- _Collected data entries_:
[Start of section]

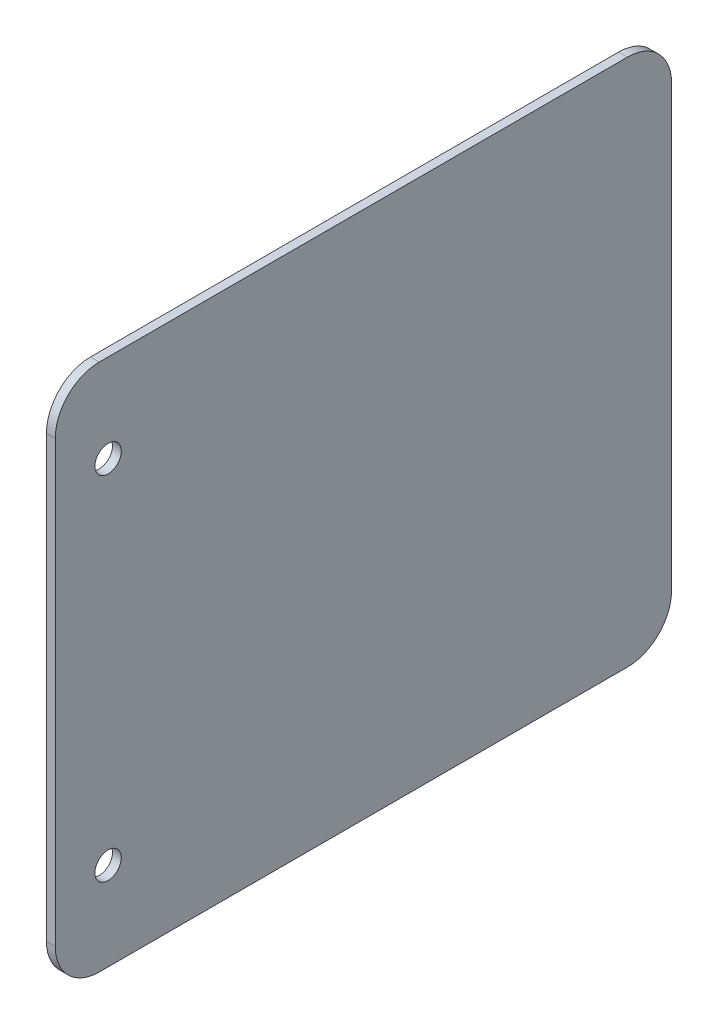
from build123d import *

# Parameters (mm, degrees)
BOSS_EXTRUDE1_DEPTH = 1
SKETCH2_R           = 1.5
CUT_EXTRUDE1_DEPTH  = 10


with BuildPart() as part:
    # Sketch1 → Boss-Extrude1 (new body)
    with BuildSketch(Plane(origin=(0, 0, 0), x_dir=(0, 0, -1), z_dir=(1, 0, 0))):
        with BuildLine():
            Line((-30, 30), (30, 30))
            ThreePointArc((30, 30), (33.535533906, 28.535533906), (35, 25))
            Line((35, 25), (35, -25))
            ThreePointArc((35, -25), (33.535533906, -28.535533906), (30, -30))
            Line((30, -30), (-30, -30))
            ThreePointArc((-30, -30), (-33.535533906, -28.535533906), (-35, -25))
            Line((-35, -25), (-35, 25))
            ThreePointArc((-35, 25), (-33.535533906, 28.535533906), (-30, 30))
        make_face()
    extrude(amount=-BOSS_EXTRUDE1_DEPTH)

    # Sketch2 → Cut-Extrude1 (cut)
    with BuildSketch(Plane(origin=(0, 0, 0), x_dir=(0, 0, -1), z_dir=(1, 0, 0))):
        with Locations((-29, 20)):
            Circle(SKETCH2_R)
        with Locations((-29, -20)):
            Circle(SKETCH2_R)
    extrude(amount=-CUT_EXTRUDE1_DEPTH, mode=Mode.SUBTRACT)


solid = part.part

[End of section]

- _Work instruction_: The records above must all be output exactly. Omit the images.

- _Answer for this exercise_:
from build123d import *

# Parameters (mm, degrees)
BOSS_EXTRUDE1_DEPTH = 1
SKETCH2_R           = 1.5
CUT_EXTRUDE1_DEPTH  = 10


with BuildPart() as part:
    # Sketch1 → Boss-Extrude1 (new body)
    with BuildSketch(Plane(origin=(0, 0, 0), x_dir=(0, 0, -1), z_dir=(1, 0, 0))):
        with BuildLine():
            Line((-30, 30), (30, 30))
            ThreePointArc((30, 30), (33.535533906, 28.535533906), (35, 25))
            Line((35, 25), (35, -25))
            ThreePointArc((35, -25), (33.535533906, -28.535533906), (30, -30))
            Line((30, -30), (-30, -30))
            ThreePointArc((-30, -30), (-33.535533906, -28.535533906), (-35, -25))
            Line((-35, -25), (-35, 25))
            ThreePointArc((-35, 25), (-33.535533906, 28.535533906), (-30, 30))
        make_face()
    extrude(amount=-BOSS_EXTRUDE1_DEPTH)

    # Sketch2 → Cut-Extrude1 (cut)
    with BuildSketch(Plane(origin=(0, 0, 0), x_dir=(0, 0, -1), z_dir=(1, 0, 0))):
        with Locations((-29, 20)):
            Circle(SKETCH2_R)
        with Locations((-29, -20)):
            Circle(SKETCH2_R)
    extrude(amount=-CUT_EXTRUDE1_DEPTH, mode=Mode.SUBTRACT)


solid = part.part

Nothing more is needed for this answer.